A good start would be Alpha Centauri, which at 1.3 parsecs is the nearest sun-like star. From Earth, it appears to be only 1/270,000 the size of the sun, or seven milliseconds of arc, in terms of how astronomers point their telescopes. Only a telescope with a very big dish – a giant parabolic mirror – could deliver the kind of resolution needed to see the surface of Alpha Centauri. The biggest one in existence is the W.M. Keck observatory in Hawaii, which boasts a pair of robust reflectors, each just under 10 meters across. But an astronomer would need at least 14 meters to even see the surface of Alpha Centauri. Worse yet, if they want to see star spots at a resolution comparable to that with which sunspots have been observed, they would require a mirror with a diameter of perhaps 150 meters! That's far beyond our current technology.

But advocates for the emerging field of interferometry argue a number of immediately conceivable goals might be achieved by forgoing traditional deep dish astronomy.

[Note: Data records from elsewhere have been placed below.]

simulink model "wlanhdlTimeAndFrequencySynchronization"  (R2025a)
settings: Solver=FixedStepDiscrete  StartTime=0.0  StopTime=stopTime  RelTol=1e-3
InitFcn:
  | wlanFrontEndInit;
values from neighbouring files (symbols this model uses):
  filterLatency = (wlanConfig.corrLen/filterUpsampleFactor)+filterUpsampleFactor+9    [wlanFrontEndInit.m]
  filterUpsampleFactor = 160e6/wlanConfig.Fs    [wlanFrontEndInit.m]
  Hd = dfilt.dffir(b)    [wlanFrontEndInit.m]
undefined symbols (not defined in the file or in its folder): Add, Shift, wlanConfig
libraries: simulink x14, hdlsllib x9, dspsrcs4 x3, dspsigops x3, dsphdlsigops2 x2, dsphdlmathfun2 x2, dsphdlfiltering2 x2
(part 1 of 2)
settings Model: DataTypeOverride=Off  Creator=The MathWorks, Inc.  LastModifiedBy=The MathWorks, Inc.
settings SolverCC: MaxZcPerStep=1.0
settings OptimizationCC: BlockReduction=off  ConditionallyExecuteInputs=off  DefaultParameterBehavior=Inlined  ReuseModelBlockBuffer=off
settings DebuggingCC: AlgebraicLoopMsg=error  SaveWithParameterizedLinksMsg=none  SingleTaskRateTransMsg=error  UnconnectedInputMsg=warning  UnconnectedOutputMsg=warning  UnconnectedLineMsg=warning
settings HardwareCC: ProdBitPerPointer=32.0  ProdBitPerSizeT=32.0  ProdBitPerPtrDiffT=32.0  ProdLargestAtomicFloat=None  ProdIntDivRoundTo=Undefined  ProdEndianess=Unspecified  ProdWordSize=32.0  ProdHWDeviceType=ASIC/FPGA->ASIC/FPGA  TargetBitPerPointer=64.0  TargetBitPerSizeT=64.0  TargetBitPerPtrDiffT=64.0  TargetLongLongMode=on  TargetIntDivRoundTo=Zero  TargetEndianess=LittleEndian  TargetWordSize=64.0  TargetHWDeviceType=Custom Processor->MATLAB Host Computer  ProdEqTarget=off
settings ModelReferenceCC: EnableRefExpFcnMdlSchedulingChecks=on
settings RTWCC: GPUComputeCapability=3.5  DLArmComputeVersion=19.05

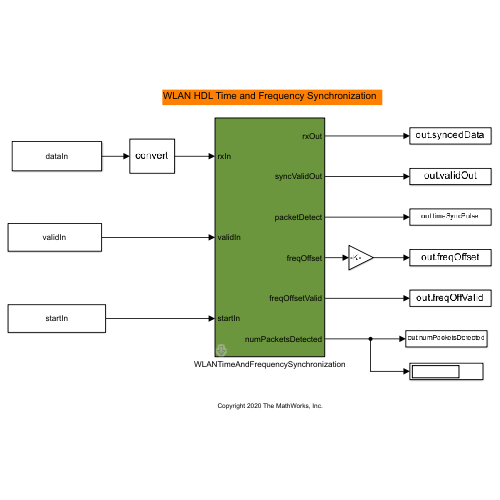
[thumbnail: Simulink's stored preview of the top-level diagram]
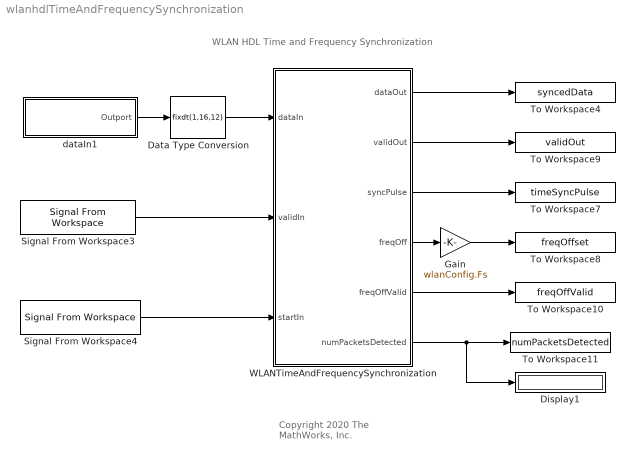
== system wlanhdlTimeAndFrequencySynchronization ==
  note: Copyright 2020 The MathWorks, Inc.
  note: WLAN HDL Time and Frequency Synchronization
  Data Type Conversion : DataTypeConversion  OutDataTypeStr=fixdt(1,16,12)  SaturateOnIntegerOverflow=off  RndMeth=Floor
  Display1 : Display
  Gain : Gain  Gain=wlanConfig.Fs
  Signal From Workspace3 : dspsrcs4/Signal From Workspace  X=validIn  Ts=1/wlanConfig.Fs  nsamps=1  OutputAfterFinalValue=Setting to zero  ignoreOrWarnInputAndFrameLengths=off  OutputFrames=off
  Signal From Workspace4 : dspsrcs4/Signal From Workspace  X=startIn  Ts=1/wlanConfig.Fs  nsamps=1  OutputAfterFinalValue=Setting to zero  ignoreOrWarnInputAndFrameLengths=off  OutputFrames=off
  To Workspace10 : ToWorkspace  VariableName=freqOffValid  SampleTime=-1
      settings: Save2DSignal=2-D array (concatenate along first dimension)
  To Workspace11 : ToWorkspace  VariableName=numPacketsDetected  SampleTime=-1
      settings: Save2DSignal=2-D array (concatenate along first dimension)
  To Workspace4 : ToWorkspace  VariableName=syncedData  SampleTime=-1
      settings: Save2DSignal=2-D array (concatenate along first dimension)
  To Workspace7 : ToWorkspace  VariableName=timeSyncPulse  SampleTime=-1
      settings: Save2DSignal=2-D array (concatenate along first dimension)
  To Workspace8 : ToWorkspace  VariableName=freqOffset  SampleTime=-1
      settings: Save2DSignal=2-D array (concatenate along first dimension)
  To Workspace9 : ToWorkspace  VariableName=validOut  SampleTime=-1
      settings: Save2DSignal=2-D array (concatenate along first dimension)
  WLANTimeAndFrequencySynchronization : Subsystem  mask(WLAN Front end application){chanBW=20MHz}
      mask prompts: chanBW "Channel bandwidth:"
      mask help: Performs time and frequency synchronization.
      mask Help: eval('showExample(''whdl/WLANHDLTimeAndFrequencySynchronizationExample'')')
      mask TypeOptions chanBW: 20MHz | 40MHz | 80MHz
      mask DialogControl DescGroupVar Prompt: WLAN Time and Frequency Synchronization
      mask DialogControl DescTextVar Prompt: Perform time and frequency synchronization.
      mask DialogControl ParameterGroupVar Prompt: Main
      mask Display:
      | port_label('input',1,'rxIn');
      | port_label('input',2,'validIn');
      | port_label('input',3,'startIn');
      | port_label('output',1,'rxOut');
      | port_label('output',2,'syncValidOut');
      | port_label('output',3,'packetDetect');
      | port_label('output',4,'freqOffset');
      | port_label('output',5,'freqOffsetValid');
      | 
      | port_label('output',6,'numPacketsDetected');
  dataIn1 : Subsystem
      mask Display: disp('dataIn');
  wires:
  Signal From Workspace3/1 -> WLANTimeAndFrequencySynchronization/2(validIn)
  WLANTimeAndFrequencySynchronization/5(freqOffValid) -> To Workspace10/1
  WLANTimeAndFrequencySynchronization/6(numPacketsDetected) -> To Workspace11/1, Display1/1
  WLANTimeAndFrequencySynchronization/3(syncPulse) -> To Workspace7/1
  Signal From Workspace4/1 -> WLANTimeAndFrequencySynchronization/3(startIn)
  WLANTimeAndFrequencySynchronization/2(validOut) -> To Workspace9/1
  WLANTimeAndFrequencySynchronization/1(dataOut) -> To Workspace4/1
  Data Type Conversion/1 -> WLANTimeAndFrequencySynchronization/1(dataIn)
  dataIn1/1(Outport) -> Data Type Conversion/1
  WLANTimeAndFrequencySynchronization/4(freqOff) -> Gain/1
  Gain/1 -> To Workspace8/1

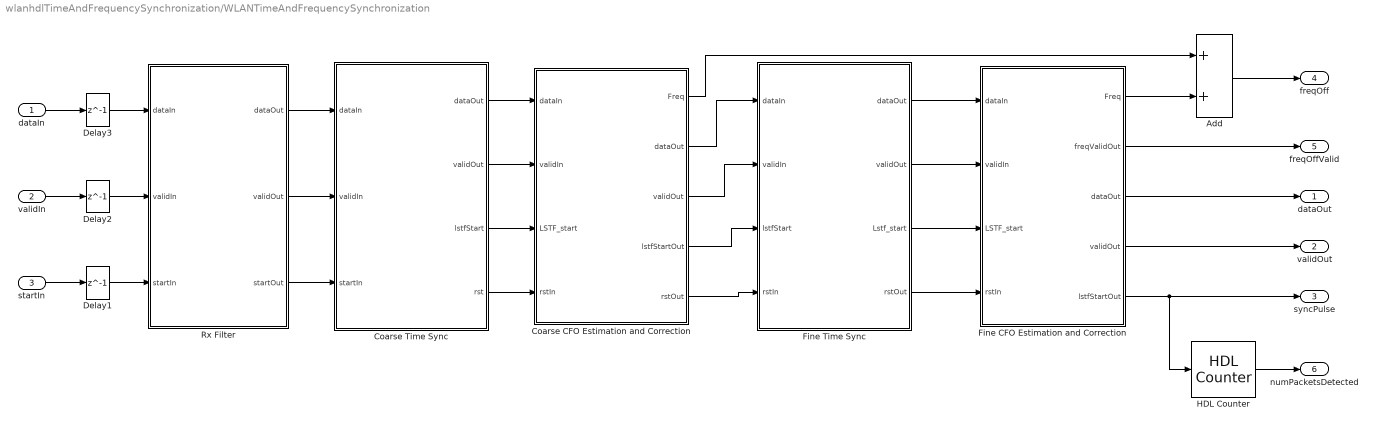
== system wlanhdlTimeAndFrequencySynchronization/WLANTimeAndFrequencySynchronization ==
  dataIn : Inport
  validIn : Inport  Port=2
  startIn : Inport  Port=3
  Add : Sum
  Coarse CFO Estimation and Correction : Subsystem
  Coarse Time Sync : Subsystem
  Delay1 : Delay  DelayLength=1  InitialCondition=0
  Delay2 : Delay  DelayLength=1  InitialCondition=0
  Delay3 : Delay  DelayLength=1  InitialCondition=0
  Fine CFO Estimation and Correction : Subsystem
  Fine Time Sync : Subsystem
  HDL Counter : hdlsllib/Sources/HDL Counter  CountType=Count limited  CountInit=0  CountStep=1  CountMax=65535  CountFromType=Initial value  CountFrom=0  CountResetPort=off  CountLoadPort=off  CountEnbPort=on  CountDirPort=off  CountHitOutputPort=off  CountDataType=Unsigned  CountWordLen=16  CountFracLen=0  CountSampTime=1
      link override Add_wrap/Compare To Constant/Compare: Operator=>  OutDataTypeStr=boolean
      link override Sub_wrap/Compare To Constant/Compare: Operator=<  OutDataTypeStr=boolean
      link override const_load_val: OutDataTypeStr=fixdt(issigned,CountWordLen,CountFracLen,'DataTypeOverride','Off')
  Rx Filter : Subsystem
  dataOut : Outport
  validOut : Outport  Port=2
  syncPulse : Outport  Port=3
  freqOff : Outport  Port=4
  freqOffValid : Outport  Port=5
  numPacketsDetected : Outport  Port=6
  wires:
  Add/1 -> freqOff/1
  validIn/1 -> Delay2/1
  dataIn/1 -> Delay3/1
  startIn/1 -> Delay1/1
  Delay1/1 -> Rx Filter/3(startIn)
  Rx Filter/3(startOut) -> Coarse Time Sync/3(startIn)
  Fine CFO Estimation and Correction/2(freqValidOut) -> freqOffValid/1
  HDL Counter/1 -> numPacketsDetected/1
  Delay3/1 -> Rx Filter/1(dataIn)
  Delay2/1 -> Rx Filter/2(validIn)
  Rx Filter/1(dataOut) -> Coarse Time Sync/1(dataIn)
  Rx Filter/2(validOut) -> Coarse Time Sync/2(validIn)
  Coarse Time Sync/1(dataOut) -> Coarse CFO Estimation and Correction/1(dataIn)
  Coarse Time Sync/2(validOut) -> Coarse CFO Estimation and Correction/2(validIn)
  Coarse Time Sync/3(lstfStart) -> Coarse CFO Estimation and Correction/3(LSTF_start)
  Coarse Time Sync/4(rst) -> Coarse CFO Estimation and Correction/4(rstIn)
  Coarse CFO Estimation and Correction/1(Freq) -> Add/1
  Coarse CFO Estimation and Correction/2(dataOut) -> Fine Time Sync/1(dataIn)
  Coarse CFO Estimation and Correction/3(validOut) -> Fine Time Sync/2(validIn)
  Coarse CFO Estimation and Correction/4(lstfStartOut) -> Fine Time Sync/3(lstfStart)
  Coarse CFO Estimation and Correction/5(rstOut) -> Fine Time Sync/4(rstIn)
  Fine CFO Estimation and Correction/5(lstfStartOut) -> syncPulse/1, HDL Counter/1
  Fine Time Sync/1(dataOut) -> Fine CFO Estimation and Correction/1(dataIn)
  Fine Time Sync/2(validOut) -> Fine CFO Estimation and Correction/2(validIn)
  Fine Time Sync/3(Lstf_start) -> Fine CFO Estimation and Correction/3(LSTF_start)
  Fine Time Sync/4(rstOut) -> Fine CFO Estimation and Correction/4(rstIn)
  Fine CFO Estimation and Correction/1(Freq) -> Add/2
  Fine CFO Estimation and Correction/3(dataOut) -> dataOut/1
  Fine CFO Estimation and Correction/4(validOut) -> validOut/1

== system wlanhdlTimeAndFrequencySynchronization/dataIn1 ==
  Signal From Workspace : dspsrcs4/Signal From Workspace  X=inputWaveform  Ts=1/wlanConfig.Fs  nsamps=1  OutputAfterFinalValue=Setting to zero  ignoreOrWarnInputAndFrameLengths=off  OutputFrames=off
  Outport : Outport
  wires:
  Signal From Workspace/1 -> Outport/1

== system wlanhdlTimeAndFrequencySynchronization/WLANTimeAndFrequencySynchronization/Coarse CFO Estimation and Correction ==
  dataIn : Inport
  validIn : Inport  Port=2
  LSTF_start : Inport  Port=3
  rstIn : Inport  Port=4
  Coarse CFO Correction : Subsystem
  Coarse CFO Estimation : Subsystem
  Freq : Outport
  dataOut : Outport  Port=2
  validOut : Outport  Port=3
  lstfStartOut : Outport  Port=4
  rstOut : Outport  Port=5
  wires:
  Coarse CFO Estimation/3(validData) -> Coarse CFO Correction/3(validIn)
  Coarse CFO Correction/3(validOut) -> validOut/1
  Coarse CFO Estimation/4(lstfStart) -> Coarse CFO Correction/4(lstfStartIn)
  Coarse CFO Estimation/1(Freq) -> Coarse CFO Correction/1(freq)
  LSTF_start/1 -> Coarse CFO Estimation/3(LSTF_start)
  validIn/1 -> Coarse CFO Estimation/2(validIn)
  Coarse CFO Estimation/5(rstOut) -> Coarse CFO Correction/5(rstIn)
  Coarse CFO Estimation/2(dataOut) -> Coarse CFO Correction/2(dataIn)
  dataIn/1 -> Coarse CFO Estimation/1(dataIn)
  Coarse CFO Correction/2(dataOut) -> dataOut/1
  rstIn/1 -> Coarse CFO Estimation/4(rstIn)
  Coarse CFO Correction/4(lstfStartOut) -> lstfStartOut/1
  Coarse CFO Correction/5(rstOut) -> rstOut/1
  Coarse CFO Correction/1(freqOut) -> Freq/1

== system wlanhdlTimeAndFrequencySynchronization/WLANTimeAndFrequencySynchronization/Coarse Time Sync ==
  dataIn : Inport
  validIn : Inport  Port=2
  startIn : Inport  Port=3
  Correlator : Subsystem
  Delay4 : Delay  DelayLength=7
  Delay6 : Delay  DelayLength=7
  Energy Calculator : Subsystem
  Peak Detector : Subsystem
  Stream Synchronizer : Subsystem
  dataOut : Outport  VectorParamsAs1DForOutWhenUnconnected=off
  validOut : Outport  Port=2  VectorParamsAs1DForOutWhenUnconnected=off
  lstfStart : Outport  Port=3  VectorParamsAs1DForOutWhenUnconnected=off
  rst : Outport  Port=4  VectorParamsAs1DForOutWhenUnconnected=off
  wires:
  startIn/1 -> rst/1, Correlator/3(startIn)
  Peak Detector/3(dataOut) -> dataOut/1
  validIn/1 -> Delay6/1, Correlator/2(validIn), Energy Calculator/4(validIn)
  Delay4/1 -> Stream Synchronizer/2(dataIn)
  Delay6/1 -> Stream Synchronizer/3(dataValid)
  Correlator/2(validOut) -> Energy Calculator/2(corrValidIn), Stream Synchronizer/1(corrValid)
  dataIn/1 -> Energy Calculator/3(dataIn), Delay4/1, Correlator/1(dataIn)
  Peak Detector/2(validOut) -> validOut/1
  Energy Calculator/2(energyOut) -> Peak Detector/2(energyIn)
  Energy Calculator/3(validOut) -> Peak Detector/3(corrValid)
  Peak Detector/1(lstfStart) -> lstfStart/1
  Correlator/1(dataOut) -> Energy Calculator/1(corrIn)
  Energy Calculator/1(corrOut) -> Peak Detector/1(corrIn)
  Stream Synchronizer/1(dataOut) -> Peak Detector/4(dataIn)
  Stream Synchronizer/2(validOut) -> Peak Detector/5(dataValid)

== system wlanhdlTimeAndFrequencySynchronization/WLANTimeAndFrequencySynchronization/Fine CFO Estimation and Correction ==
  dataIn : Inport
  validIn : Inport  Port=2
  LSTF_start : Inport  Port=3
  rstIn : Inport  Port=4
  Fine CFO Correction : Subsystem
  Fine CFO Estimation : Subsystem
  Freq : Outport
  freqValidOut : Outport  Port=2
  dataOut : Outport  Port=3
  validOut : Outport  Port=4
  lstfStartOut : Outport  Port=5
  wires:
  Fine CFO Estimation/4(validOut) -> Fine CFO Correction/4(validIn)
  Fine CFO Estimation/1(Freq) -> Fine CFO Correction/1(freqIn)
  validIn/1 -> Fine CFO Estimation/2(validIn)
  Fine CFO Estimation/5(lstfStart) -> Fine CFO Correction/5(lstfStartIn)
  Fine CFO Estimation/3(dataOut) -> Fine CFO Correction/3(dataIn)
  dataIn/1 -> Fine CFO Estimation/1(dataIn)
  Fine CFO Estimation/2(freqValidOut) -> Fine CFO Correction/2(freqValidIn)
  LSTF_start/1 -> Fine CFO Estimation/3(LSTF_start)
  rstIn/1 -> Fine CFO Estimation/4(rstIn)
  Fine CFO Correction/5(lstfStartOut) -> lstfStartOut/1
  Fine CFO Correction/4(validOut) -> validOut/1
  Fine CFO Correction/3(dataOut) -> dataOut/1
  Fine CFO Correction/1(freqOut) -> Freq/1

"For missions that depend on resolution, an interferometer is better. Examples of these include thermal dust emissions from stellar dust clouds; obtaining high resolution information about faint objects outside our galaxy; detecting the precise sky position of planetary companions as small as Uranus; and characterizing the atmospheres of hot, Jupiter-sized planets separated by approximately 12 million miles from the stars they are orbiting," noted Michael Hrynevych, an interferometer optics engineer working at the Keck observatory. "By comparison, a big announcement at the AAS meeting two weeks ago centered on the detection of a stellar companion of about 60 Jupiter masses orbiting at a distance of about 1.3 billion miles from its star. This is a good feel for where current detection technology is today."